Les limites de la philosophie ou philosopher sans fantasme ni fantaisie.

Dans son excellent Au cœur de la raison, la phénoménologie (2010), où phénoménologie et philosophie analytique sont, on ne peut plus honnêtement, confrontées, Claude Romano écrit :
« En philosophie – tel est peut-être le problème, mais c'est un problème qu'il faut pouvoir reconnaître et affronter – il n'y a ni commencement ni fin au logon didonai (donner des raisons, c'est moi qui traduis). C'est pourquoi toute méthode dogmatique qui prétendrait disposer d'un procédé exempt de toute présupposition et susceptible de nous procurer des vérités soustraites à tout doute possible n'est qu'une fantaisie de philosophie et un fantasme de méthode. » (p.426)
Dit autrement, en philosophie, on partirait toujours de prémisses sinon discutées de fait mais discutables en droit pour arriver à des conclusions ayant la même caractéristique. Les discuter pourrait revenir ou à mettre en évidence que, vues les prémisses, elles ne sont pas contraignantes ou à douter de la vérité des prémisses ou, le pire, à souligner qu'elles sont des conclusions non contraignantes de prémisses contestées.
Cette argumentation méta-philosophique appartenant à la philosophie, elle serait elle-même fondée sur des prémisses fragiles et apporterait des conclusions elles-mêmes douteuses.

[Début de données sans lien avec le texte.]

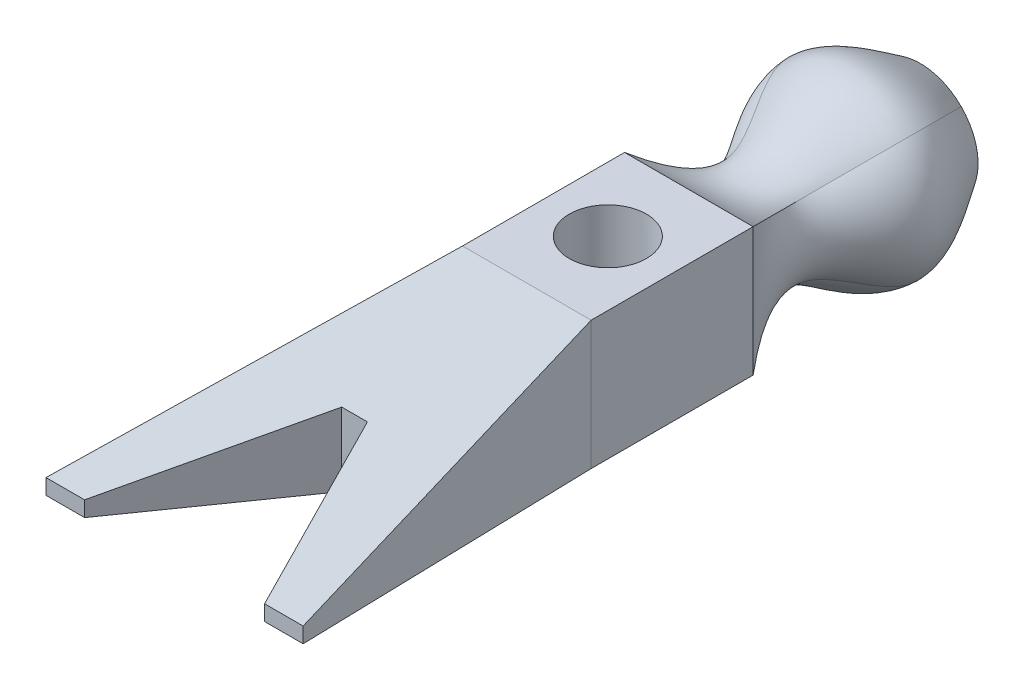
ISO-10303-21;
HEADER;
FILE_DESCRIPTION(('STEP AP214'),'2;1');
FILE_NAME('part.step','',(''),(''),'','','');
FILE_SCHEMA(('AUTOMOTIVE_DESIGN { 1 0 10303 214 1 1 1 1 }'));
ENDSEC;
DATA;
#1=APPLICATION_CONTEXT('core data for automotive mechanical design processes');
#2=APPLICATION_PROTOCOL_DEFINITION('international standard','automotive_design',2000,#1);
#3=PRODUCT_CONTEXT('',#1,'mechanical');
#4=PRODUCT('Part','Part','',(#3));
#5=PRODUCT_RELATED_PRODUCT_CATEGORY('part','',(#4));
#6=PRODUCT_DEFINITION_FORMATION('','',#4);
#7=PRODUCT_DEFINITION_CONTEXT('part definition',#1,'design');
#8=PRODUCT_DEFINITION('design','',#6,#7);
#9=PRODUCT_DEFINITION_SHAPE('','',#8);
#10=(LENGTH_UNIT() NAMED_UNIT(*) SI_UNIT(.MILLI.,.METRE.));
#11=(NAMED_UNIT(*) PLANE_ANGLE_UNIT() SI_UNIT($,.RADIAN.));
#12=(NAMED_UNIT(*) SI_UNIT($,.STERADIAN.) SOLID_ANGLE_UNIT());
#13=UNCERTAINTY_MEASURE_WITH_UNIT(LENGTH_MEASURE(1.E-05),#10,'distance_accuracy_value','');
#14=(GEOMETRIC_REPRESENTATION_CONTEXT(3) GLOBAL_UNCERTAINTY_ASSIGNED_CONTEXT((#13)) GLOBAL_UNIT_ASSIGNED_CONTEXT((#10,
#11,#12)) REPRESENTATION_CONTEXT('',''));
#15=CARTESIAN_POINT('',(0.,0.,0.));
#16=DIRECTION('',(0.,0.,1.));
#17=DIRECTION('',(1.,0.,0.));
#18=AXIS2_PLACEMENT_3D('',#15,#16,#17);
#19=CARTESIAN_POINT('',(0.,0.,200.));
#20=DIRECTION('',(0.,0.,1.));
#21=DIRECTION('',(1.,0.,0.));
#22=AXIS2_PLACEMENT_3D('',#19,#20,#21);
#23=PLANE('',#22);
#24=DIRECTION('',(0.,1.,0.));
#25=VECTOR('',#24,1.);
#26=CARTESIAN_POINT('',(-35.,-35.,200.));
#27=LINE('',#26,#25);
#28=CARTESIAN_POINT('',(-35.,-3.,200.));
#29=VERTEX_POINT('',#28);
#30=CARTESIAN_POINT('',(-35.,3.,200.));
#31=VERTEX_POINT('',#30);
#32=EDGE_CURVE('E416',#29,#31,#27,.T.);
#33=ORIENTED_EDGE('',*,*,#32,.T.);
#34=DIRECTION('',(-1.,0.,0.));
#35=VECTOR('',#34,1.);
#36=CARTESIAN_POINT('',(-49.9999999999999,3.,200.));
#37=LINE('',#36,#35);
#38=CARTESIAN_POINT('',(-49.9999999999999,3.,200.));
#39=VERTEX_POINT('',#38);
#40=EDGE_CURVE('E274',#31,#39,#37,.T.);
#41=ORIENTED_EDGE('',*,*,#40,.T.);
#42=DIRECTION('',(0.,-1.,0.));
#43=VECTOR('',#42,1.);
#44=CARTESIAN_POINT('',(-49.9999999999999,3.,200.));
#45=LINE('',#44,#43);
#46=CARTESIAN_POINT('',(-49.9999999999999,-3.,200.));
#47=VERTEX_POINT('',#46);
#48=EDGE_CURVE('E439',#39,#47,#45,.T.);
#49=ORIENTED_EDGE('',*,*,#48,.T.);
#50=DIRECTION('',(1.,0.,0.));
#51=VECTOR('',#50,1.);
#52=CARTESIAN_POINT('',(-49.9999999999999,-3.,200.));
#53=LINE('',#52,#51);
#54=EDGE_CURVE('E250',#47,#29,#53,.T.);
#55=ORIENTED_EDGE('',*,*,#54,.T.);
#56=EDGE_LOOP('',(#33,#41,#49,#55));
#57=FACE_BOUND('',#56,.T.);
#58=ADVANCED_FACE('F72',(#57),#23,.T.);
#59=CARTESIAN_POINT('',(25.,25.,63.));
#60=DIRECTION('',(-1.,0.,0.));
#61=DIRECTION('',(0.,-1.,0.));
#62=AXIS2_PLACEMENT_3D('',#59,#60,#61);
#63=PLANE('',#62);
#64=DIRECTION('',(0.,-1.,0.));
#65=VECTOR('',#64,1.);
#66=CARTESIAN_POINT('',(25.,25.,0.));
#67=LINE('',#66,#65);
#68=CARTESIAN_POINT('',(25.,-25.,0.));
#69=VERTEX_POINT('',#68);
#70=CARTESIAN_POINT('',(25.,25.,0.));
#71=VERTEX_POINT('',#70);
#72=EDGE_CURVE('E176',#69,#71,#67,.F.);
#73=ORIENTED_EDGE('',*,*,#72,.T.);
#74=DIRECTION('',(0.,0.,-1.));
#75=VECTOR('',#74,1.);
#76=CARTESIAN_POINT('',(25.,25.,63.));
#77=LINE('',#76,#75);
#78=CARTESIAN_POINT('',(25.,25.,63.));
#79=VERTEX_POINT('',#78);
#80=EDGE_CURVE('E166',#79,#71,#77,.T.);
#81=ORIENTED_EDGE('',*,*,#80,.F.);
#82=DIRECTION('',(0.,1.,0.));
#83=VECTOR('',#82,1.);
#84=CARTESIAN_POINT('',(25.,0.,63.));
#85=LINE('',#84,#83);
#86=CARTESIAN_POINT('',(25.,-25.,63.));
#87=VERTEX_POINT('',#86);
#88=EDGE_CURVE('E112',#87,#79,#85,.T.);
#89=ORIENTED_EDGE('',*,*,#88,.F.);
#90=DIRECTION('',(0.,0.,-1.));
#91=VECTOR('',#90,1.);
#92=CARTESIAN_POINT('',(25.,-25.,63.));
#93=LINE('',#92,#91);
#94=EDGE_CURVE('E383',#87,#69,#93,.T.);
#95=ORIENTED_EDGE('',*,*,#94,.T.);
#96=EDGE_LOOP('',(#73,#81,#89,#95));
#97=FACE_BOUND('',#96,.T.);
#98=ADVANCED_FACE('F74',(#97),#63,.F.);
#99=CARTESIAN_POINT('',(-25.,25.,63.));
#100=DIRECTION('',(0.,-1.,0.));
#101=DIRECTION('',(0.,0.,-1.));
#102=AXIS2_PLACEMENT_3D('',#99,#100,#101);
#103=PLANE('',#102);
#104=CARTESIAN_POINT('',(0.,25.,31.5));
#105=DIRECTION('',(0.,-1.,0.));
#106=DIRECTION('',(0.,0.,-1.));
#107=AXIS2_PLACEMENT_3D('',#104,#105,#106);
#108=CIRCLE('',#107,15.);
#109=CARTESIAN_POINT('',(0.,25.,16.5));
#110=VERTEX_POINT('',#109);
#111=EDGE_CURVE('E428',#110,#110,#108,.T.);
#112=ORIENTED_EDGE('',*,*,#111,.T.);
#113=EDGE_LOOP('',(#112));
#114=FACE_BOUND('',#113,.T.);
#115=DIRECTION('',(1.,0.,0.));
#116=VECTOR('',#115,1.);
#117=CARTESIAN_POINT('',(-25.,25.,0.));
#118=LINE('',#117,#116);
#119=CARTESIAN_POINT('',(-25.,25.,0.));
#120=VERTEX_POINT('',#119);
#121=EDGE_CURVE('E377',#71,#120,#118,.F.);
#122=ORIENTED_EDGE('',*,*,#121,.T.);
#123=DIRECTION('',(0.,0.,-1.));
#124=VECTOR('',#123,1.);
#125=CARTESIAN_POINT('',(-25.,25.,63.));
#126=LINE('',#125,#124);
#127=CARTESIAN_POINT('',(-25.,25.,63.));
#128=VERTEX_POINT('',#127);
#129=EDGE_CURVE('E169',#128,#120,#126,.T.);
#130=ORIENTED_EDGE('',*,*,#129,.F.);
#131=DIRECTION('',(1.,0.,0.));
#132=VECTOR('',#131,1.);
#133=CARTESIAN_POINT('',(0.,25.,63.));
#134=LINE('',#133,#132);
#135=EDGE_CURVE('E163',#79,#128,#134,.F.);
#136=ORIENTED_EDGE('',*,*,#135,.F.);
#137=ORIENTED_EDGE('',*,*,#80,.T.);
#138=EDGE_LOOP('',(#122,#130,#136,#137));
#139=FACE_BOUND('',#138,.T.);
#140=ADVANCED_FACE('F165',(#114,#139),#103,.F.);
#141=CARTESIAN_POINT('',(-25.,25.,63.));
#142=DIRECTION('',(1.,0.,0.));
#143=DIRECTION('',(0.,1.,0.));
#144=AXIS2_PLACEMENT_3D('',#141,#142,#143);
#145=PLANE('',#144);
#146=DIRECTION('',(0.,1.,0.));
#147=VECTOR('',#146,1.);
#148=CARTESIAN_POINT('',(-25.,25.,0.));
#149=LINE('',#148,#147);
#150=CARTESIAN_POINT('',(-25.,-25.,0.));
#151=VERTEX_POINT('',#150);
#152=EDGE_CURVE('E380',#120,#151,#149,.F.);
#153=ORIENTED_EDGE('',*,*,#152,.T.);
#154=DIRECTION('',(0.,0.,-1.));
#155=VECTOR('',#154,1.);
#156=CARTESIAN_POINT('',(-25.,-25.,63.));
#157=LINE('',#156,#155);
#158=CARTESIAN_POINT('',(-25.,-25.,63.));
#159=VERTEX_POINT('',#158);
#160=EDGE_CURVE('E98',#159,#151,#157,.T.);
#161=ORIENTED_EDGE('',*,*,#160,.F.);
#162=DIRECTION('',(0.,1.,0.));
#163=VECTOR('',#162,1.);
#164=CARTESIAN_POINT('',(-25.,0.,63.));
#165=LINE('',#164,#163);
#166=EDGE_CURVE('E174',#128,#159,#165,.F.);
#167=ORIENTED_EDGE('',*,*,#166,.F.);
#168=ORIENTED_EDGE('',*,*,#129,.T.);
#169=EDGE_LOOP('',(#153,#161,#167,#168));
#170=FACE_BOUND('',#169,.T.);
#171=ADVANCED_FACE('F456',(#170),#145,.F.);
#172=CARTESIAN_POINT('',(-25.,-25.,63.));
#173=DIRECTION('',(0.,1.,0.));
#174=DIRECTION('',(0.,0.,1.));
#175=AXIS2_PLACEMENT_3D('',#172,#173,#174);
#176=PLANE('',#175);
#177=CARTESIAN_POINT('',(0.,-25.,31.5));
#178=DIRECTION('',(0.,1.,0.));
#179=DIRECTION('',(0.,0.,1.));
#180=AXIS2_PLACEMENT_3D('',#177,#178,#179);
#181=CIRCLE('',#180,15.);
#182=CARTESIAN_POINT('',(0.,-25.,46.5));
#183=VERTEX_POINT('',#182);
#184=EDGE_CURVE('E76',#183,#183,#181,.T.);
#185=ORIENTED_EDGE('',*,*,#184,.T.);
#186=EDGE_LOOP('',(#185));
#187=FACE_BOUND('',#186,.T.);
#188=DIRECTION('',(1.,0.,0.));
#189=VECTOR('',#188,1.);
#190=CARTESIAN_POINT('',(-25.,-25.,0.));
#191=LINE('',#190,#189);
#192=EDGE_CURVE('E187',#151,#69,#191,.T.);
#193=ORIENTED_EDGE('',*,*,#192,.T.);
#194=ORIENTED_EDGE('',*,*,#94,.F.);
#195=DIRECTION('',(1.,0.,0.));
#196=VECTOR('',#195,1.);
#197=CARTESIAN_POINT('',(0.,-25.,63.));
#198=LINE('',#197,#196);
#199=EDGE_CURVE('E385',#159,#87,#198,.T.);
#200=ORIENTED_EDGE('',*,*,#199,.F.);
#201=ORIENTED_EDGE('',*,*,#160,.T.);
#202=EDGE_LOOP('',(#193,#194,#200,#201));
#203=FACE_BOUND('',#202,.T.);
#204=ADVANCED_FACE('F441',(#187,#203),#176,.F.);
#205=CARTESIAN_POINT('',(0.,0.,-90.));
#206=DIRECTION('',(0.,0.,1.));
#207=DIRECTION('',(1.,0.,0.));
#208=AXIS2_PLACEMENT_3D('',#205,#206,#207);
#209=PLANE('',#208);
#210=CARTESIAN_POINT('',(0.,0.,-90.));
#211=DIRECTION('',(0.,0.,1.));
#212=DIRECTION('',(1.,0.,0.));
#213=AXIS2_PLACEMENT_3D('',#210,#211,#212);
#214=CIRCLE('',#213,22.5);
#215=CARTESIAN_POINT('',(15.9099025766973,-15.9099025766973,-90.));
#216=VERTEX_POINT('',#215);
#217=CARTESIAN_POINT('',(15.9099025766973,15.9099025766973,-90.));
#218=VERTEX_POINT('',#217);
#219=EDGE_CURVE('E339',#216,#218,#214,.T.);
#220=ORIENTED_EDGE('',*,*,#219,.F.);
#221=CARTESIAN_POINT('',(-15.9099025766973,-15.9099025766973,-90.));
#222=VERTEX_POINT('',#221);
#223=EDGE_CURVE('E344',#222,#216,#214,.T.);
#224=ORIENTED_EDGE('',*,*,#223,.F.);
#225=CARTESIAN_POINT('',(-15.9099025766973,15.9099025766973,-90.));
#226=VERTEX_POINT('',#225);
#227=EDGE_CURVE('E350',#226,#222,#214,.T.);
#228=ORIENTED_EDGE('',*,*,#227,.F.);
#229=EDGE_CURVE('E347',#218,#226,#214,.T.);
#230=ORIENTED_EDGE('',*,*,#229,.F.);
#231=EDGE_LOOP('',(#220,#224,#228,#230));
#232=FACE_BOUND('',#231,.T.);
#233=ADVANCED_FACE('F233',(#232),#209,.F.);
#234=CARTESIAN_POINT('',(25.,25.,0.));
#235=CARTESIAN_POINT('',(17.8034263280629,17.8034263280629,-9.97003872411579));
#236=CARTESIAN_POINT('',(7.92921021509833,7.92921021509832,-30.94737581867));
#237=CARTESIAN_POINT('',(30.6685109696872,30.6685109696872,-59.3557953194441));
#238=CARTESIAN_POINT('',(22.0914700904497,22.0914700904497,-79.8093587521664));
#239=CARTESIAN_POINT('',(15.9099025766973,15.9099025766973,-90.));
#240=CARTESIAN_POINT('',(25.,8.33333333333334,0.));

Bien plus, de ces réflexions, on ne pourrait pas déduire la vérité du scepticisme car, comme toute argumentation philosophique il serait alors fragilisable autant au niveau de ses présupposés que de ses conclusions.
Reste que le scepticisme sur le scepticisme est une version non dogmatique du scepticisme : n'est-ce pas la justification de l'aphasie au sens philosophique, c'est-à-dire de la volonté de ne défendre aucune thèse philosophique ?
Ces lignes ont pour but de clarifier ce que peut vouloir dire « affronter » le problème relevé par Claude Romano : manifestement l'auteur ne l'entend pas de manière sceptique car il continue ainsi :
« (…) Il n'y a qu'une façon en philosophie de mettre au jour des vérités essentielles : au moyen d'arguments plus puissants et plus convaincants (…) l'unique méthode possible en philosophie, celle de la discussion raisonnée, donc de la critique des conceptions concurrentes. »
Oui, mais ces avancées argumentatives ne seront, s'il a raison, puissantes qu'un temps. À malin, malin et demi. Ce serait un des proverbes qui rendrait intelligible l'histoire de la philosophie. Donc affronter le problème en ce sens ne voudrait pas dire le régler.
Il pourrait être le problème insoluble du philosophe, qui recherche la vérité mais qui, par cet amour même, est conduit à reconnaître les limites d'une telle recherche.
Cependant ce serait in petto que le philosophe devrait se dire ces limites, car la tentation de finir une fois pour toutes avec le doute consubstantiel en philosophie serait, dans ce cadre-là, bien vaine encore. En s'appuyant sur cette connaissance lucide des limites de la philosophie et en essayant de connaître, grâce à elle, la philosophie du point de vue de Dieu, le philosophe ne produirait, en se contredisant en plus, qu'une philosophie de la philosophie parmi d'autres.
Bien sûr on pourrait contester la prémisse de Romano : toute argumentation philosophique ne serait pas contrainte de partir de prémisses contestables. Mais ce serait de nouveau philosopher en un sens à la mode cartésienne, ce qui ne veut pas dire bien sûr partir du cogito. Mais qui y croit encore ? Est-ce donc un fantasme ?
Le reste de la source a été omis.